L'état-major de la coalition internationale contre Daech a confirmé, vendredi 20 octobre, la libération de la ville de Raqqa en Syrie. Ce sont donc bien les forces démocratiques syriennes, soutenues par la coalition internationale, qui ont repris la ville.
Nous devons d'abord saluer unanimement cette victoire, et, en particulier, le courage de nos soldats et de toutes celles et ceux qui sont engagés dans ce combat face à l'horreur terroriste .
Nous devons également saluer la mémoire de toutes celles et ceux qui ont fait le sacrifice de leur vie dans la défense de la liberté et ne jamais les oublier.
Ne l'oublions jamais non plus, c'est à Raqqa qu'ont été imaginées et planifiées de très nombreuses actions terroristes dans le monde, en particulier les terribles attentats de Paris du 13 novembre 2015, notamment au Bataclan.

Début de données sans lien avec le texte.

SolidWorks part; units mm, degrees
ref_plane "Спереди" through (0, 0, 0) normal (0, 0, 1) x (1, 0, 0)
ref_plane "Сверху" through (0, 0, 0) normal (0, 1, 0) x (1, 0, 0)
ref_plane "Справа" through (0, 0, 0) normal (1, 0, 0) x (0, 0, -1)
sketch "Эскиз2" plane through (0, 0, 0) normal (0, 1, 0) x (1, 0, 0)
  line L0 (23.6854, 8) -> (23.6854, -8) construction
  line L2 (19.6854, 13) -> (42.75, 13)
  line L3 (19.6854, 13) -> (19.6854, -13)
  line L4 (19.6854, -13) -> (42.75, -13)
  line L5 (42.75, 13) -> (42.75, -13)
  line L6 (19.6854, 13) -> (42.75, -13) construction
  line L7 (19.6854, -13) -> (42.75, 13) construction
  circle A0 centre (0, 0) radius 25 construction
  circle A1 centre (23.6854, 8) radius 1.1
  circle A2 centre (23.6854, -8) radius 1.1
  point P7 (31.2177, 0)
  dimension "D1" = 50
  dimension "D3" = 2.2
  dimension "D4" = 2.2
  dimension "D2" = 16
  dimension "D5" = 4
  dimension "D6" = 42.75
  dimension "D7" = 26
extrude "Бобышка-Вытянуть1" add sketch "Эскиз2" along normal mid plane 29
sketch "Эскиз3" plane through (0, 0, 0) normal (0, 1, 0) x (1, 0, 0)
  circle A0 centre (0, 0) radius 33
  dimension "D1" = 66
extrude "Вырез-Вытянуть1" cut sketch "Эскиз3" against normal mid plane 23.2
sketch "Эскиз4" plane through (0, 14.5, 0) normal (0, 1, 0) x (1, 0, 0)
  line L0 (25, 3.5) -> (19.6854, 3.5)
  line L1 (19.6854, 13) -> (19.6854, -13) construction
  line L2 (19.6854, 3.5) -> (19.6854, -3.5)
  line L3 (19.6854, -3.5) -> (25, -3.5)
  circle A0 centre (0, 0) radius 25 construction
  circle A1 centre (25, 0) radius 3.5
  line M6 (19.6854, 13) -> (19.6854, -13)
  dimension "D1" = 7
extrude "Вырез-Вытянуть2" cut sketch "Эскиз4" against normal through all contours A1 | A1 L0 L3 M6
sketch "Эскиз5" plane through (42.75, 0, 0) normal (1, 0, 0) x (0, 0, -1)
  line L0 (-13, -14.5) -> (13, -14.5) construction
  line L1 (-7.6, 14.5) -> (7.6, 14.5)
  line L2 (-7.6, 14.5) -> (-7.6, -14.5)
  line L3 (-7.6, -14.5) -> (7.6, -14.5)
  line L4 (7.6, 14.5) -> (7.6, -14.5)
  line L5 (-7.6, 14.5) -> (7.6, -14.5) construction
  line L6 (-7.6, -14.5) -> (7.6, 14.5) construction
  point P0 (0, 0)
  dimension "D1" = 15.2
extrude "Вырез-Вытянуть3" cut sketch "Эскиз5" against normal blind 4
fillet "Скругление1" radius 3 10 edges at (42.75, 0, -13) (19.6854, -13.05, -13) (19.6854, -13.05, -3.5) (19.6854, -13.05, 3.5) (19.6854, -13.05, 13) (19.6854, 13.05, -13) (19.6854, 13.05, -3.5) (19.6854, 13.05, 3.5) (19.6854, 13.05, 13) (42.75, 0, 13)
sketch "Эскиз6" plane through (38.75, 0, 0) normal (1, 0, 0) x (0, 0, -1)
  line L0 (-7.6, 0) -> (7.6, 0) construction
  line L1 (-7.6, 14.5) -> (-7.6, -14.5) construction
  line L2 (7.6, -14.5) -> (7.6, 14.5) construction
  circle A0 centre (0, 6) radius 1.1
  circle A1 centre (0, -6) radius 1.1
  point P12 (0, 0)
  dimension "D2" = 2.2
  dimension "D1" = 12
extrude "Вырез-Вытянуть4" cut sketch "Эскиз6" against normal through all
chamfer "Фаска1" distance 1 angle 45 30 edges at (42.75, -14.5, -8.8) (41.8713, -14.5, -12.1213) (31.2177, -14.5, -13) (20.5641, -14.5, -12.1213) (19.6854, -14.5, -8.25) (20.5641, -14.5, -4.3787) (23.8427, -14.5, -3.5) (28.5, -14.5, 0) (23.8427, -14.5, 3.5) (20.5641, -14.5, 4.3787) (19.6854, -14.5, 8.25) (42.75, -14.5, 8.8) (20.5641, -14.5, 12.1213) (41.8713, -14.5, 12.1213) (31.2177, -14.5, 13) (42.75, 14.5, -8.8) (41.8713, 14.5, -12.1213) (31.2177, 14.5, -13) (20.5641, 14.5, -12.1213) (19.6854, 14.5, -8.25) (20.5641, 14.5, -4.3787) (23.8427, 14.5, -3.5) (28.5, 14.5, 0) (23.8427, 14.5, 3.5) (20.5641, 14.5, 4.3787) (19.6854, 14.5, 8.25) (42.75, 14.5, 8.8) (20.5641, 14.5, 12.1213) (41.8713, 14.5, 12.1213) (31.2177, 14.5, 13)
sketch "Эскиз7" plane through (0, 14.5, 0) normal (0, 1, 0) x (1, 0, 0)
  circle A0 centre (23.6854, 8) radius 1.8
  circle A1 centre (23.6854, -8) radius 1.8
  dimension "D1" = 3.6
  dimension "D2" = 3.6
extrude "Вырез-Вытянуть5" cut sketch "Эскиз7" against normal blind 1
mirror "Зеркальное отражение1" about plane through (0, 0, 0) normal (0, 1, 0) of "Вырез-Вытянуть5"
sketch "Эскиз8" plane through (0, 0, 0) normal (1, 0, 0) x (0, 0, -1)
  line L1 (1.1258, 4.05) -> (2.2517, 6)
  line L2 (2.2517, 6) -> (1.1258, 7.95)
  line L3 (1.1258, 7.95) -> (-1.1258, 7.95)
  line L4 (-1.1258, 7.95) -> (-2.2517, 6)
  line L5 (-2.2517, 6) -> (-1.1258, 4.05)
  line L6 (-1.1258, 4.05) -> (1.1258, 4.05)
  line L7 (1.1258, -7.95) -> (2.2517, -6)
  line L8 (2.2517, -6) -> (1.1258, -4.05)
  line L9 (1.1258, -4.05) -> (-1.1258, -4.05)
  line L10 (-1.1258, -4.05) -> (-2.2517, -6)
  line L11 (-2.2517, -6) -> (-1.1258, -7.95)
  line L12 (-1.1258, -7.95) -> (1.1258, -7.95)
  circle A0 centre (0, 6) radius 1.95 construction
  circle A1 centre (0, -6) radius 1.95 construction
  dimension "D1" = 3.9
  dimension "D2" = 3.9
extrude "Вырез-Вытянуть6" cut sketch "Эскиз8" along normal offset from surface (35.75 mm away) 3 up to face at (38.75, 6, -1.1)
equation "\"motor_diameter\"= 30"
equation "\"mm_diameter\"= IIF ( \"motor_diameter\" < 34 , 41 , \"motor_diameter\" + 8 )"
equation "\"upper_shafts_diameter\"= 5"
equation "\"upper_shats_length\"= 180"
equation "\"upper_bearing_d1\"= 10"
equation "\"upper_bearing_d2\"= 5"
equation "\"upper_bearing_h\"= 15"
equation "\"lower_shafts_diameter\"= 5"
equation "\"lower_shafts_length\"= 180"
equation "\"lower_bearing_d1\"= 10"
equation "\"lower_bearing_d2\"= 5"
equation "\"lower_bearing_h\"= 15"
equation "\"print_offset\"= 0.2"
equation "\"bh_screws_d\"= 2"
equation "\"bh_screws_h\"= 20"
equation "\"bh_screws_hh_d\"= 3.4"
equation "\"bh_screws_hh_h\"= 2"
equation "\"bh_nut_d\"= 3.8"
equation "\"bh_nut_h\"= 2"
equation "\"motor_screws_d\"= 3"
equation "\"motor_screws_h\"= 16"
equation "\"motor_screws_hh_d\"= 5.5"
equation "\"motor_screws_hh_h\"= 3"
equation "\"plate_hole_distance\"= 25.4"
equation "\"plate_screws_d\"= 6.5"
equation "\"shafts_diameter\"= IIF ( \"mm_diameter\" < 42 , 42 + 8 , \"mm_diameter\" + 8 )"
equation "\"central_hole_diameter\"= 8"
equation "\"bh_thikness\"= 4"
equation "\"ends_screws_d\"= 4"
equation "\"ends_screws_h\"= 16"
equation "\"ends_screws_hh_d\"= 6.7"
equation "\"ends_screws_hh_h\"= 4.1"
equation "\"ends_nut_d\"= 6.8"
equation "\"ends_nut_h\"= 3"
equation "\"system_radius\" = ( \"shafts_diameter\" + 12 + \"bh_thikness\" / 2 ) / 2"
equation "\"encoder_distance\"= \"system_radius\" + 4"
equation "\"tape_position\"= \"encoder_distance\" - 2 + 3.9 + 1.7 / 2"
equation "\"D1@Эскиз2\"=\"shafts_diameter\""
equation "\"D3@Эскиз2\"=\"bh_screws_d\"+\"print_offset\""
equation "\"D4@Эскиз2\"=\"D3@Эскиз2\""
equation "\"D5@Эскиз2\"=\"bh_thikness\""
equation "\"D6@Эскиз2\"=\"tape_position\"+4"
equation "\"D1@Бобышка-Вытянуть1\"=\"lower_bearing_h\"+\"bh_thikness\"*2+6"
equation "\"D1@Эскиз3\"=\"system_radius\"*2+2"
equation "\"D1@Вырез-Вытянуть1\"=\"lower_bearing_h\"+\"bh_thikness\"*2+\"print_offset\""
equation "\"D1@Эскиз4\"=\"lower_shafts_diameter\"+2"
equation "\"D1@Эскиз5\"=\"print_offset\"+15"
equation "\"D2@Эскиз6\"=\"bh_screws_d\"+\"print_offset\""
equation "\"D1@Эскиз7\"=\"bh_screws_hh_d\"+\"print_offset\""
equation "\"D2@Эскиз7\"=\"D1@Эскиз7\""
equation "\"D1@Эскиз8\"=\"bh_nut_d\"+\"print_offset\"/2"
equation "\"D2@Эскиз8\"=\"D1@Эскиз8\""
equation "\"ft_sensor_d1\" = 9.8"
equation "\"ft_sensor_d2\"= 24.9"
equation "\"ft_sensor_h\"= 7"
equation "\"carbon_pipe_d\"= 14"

Raqqa comptait avant la guerre 220 000 habitants. La ville est aujourd'hui un champ de ruines, totalement miné. Les défis de stabilisation, de pacification et de reconstruction devant nous sont immenses et de nombreuses questions se posent à nous.
Si cette victoire est incontestablement une avancée majeure dans la lutte sans merci contre Daech, nous sommes toutes et tous conscients ici que nous n'en avons pas encore fini avec l'organisation. Nous connaissons, en effet, sa capacité à se réorganiser sans cesse. Nous ne devons surtout pas baisser la garde.
Depuis la victoire de vendredi, et de manière encore extrêmement prudente, nous voulons croire à une lueur d'espoir sur le très long chemin de la construction d'une paix durable dans cette région du monde si meurtrie.
Monsieur le ministre, au regard de votre expérience , pensez-vous que le temps est venu pour la politique de reprendre la main en Syrie ?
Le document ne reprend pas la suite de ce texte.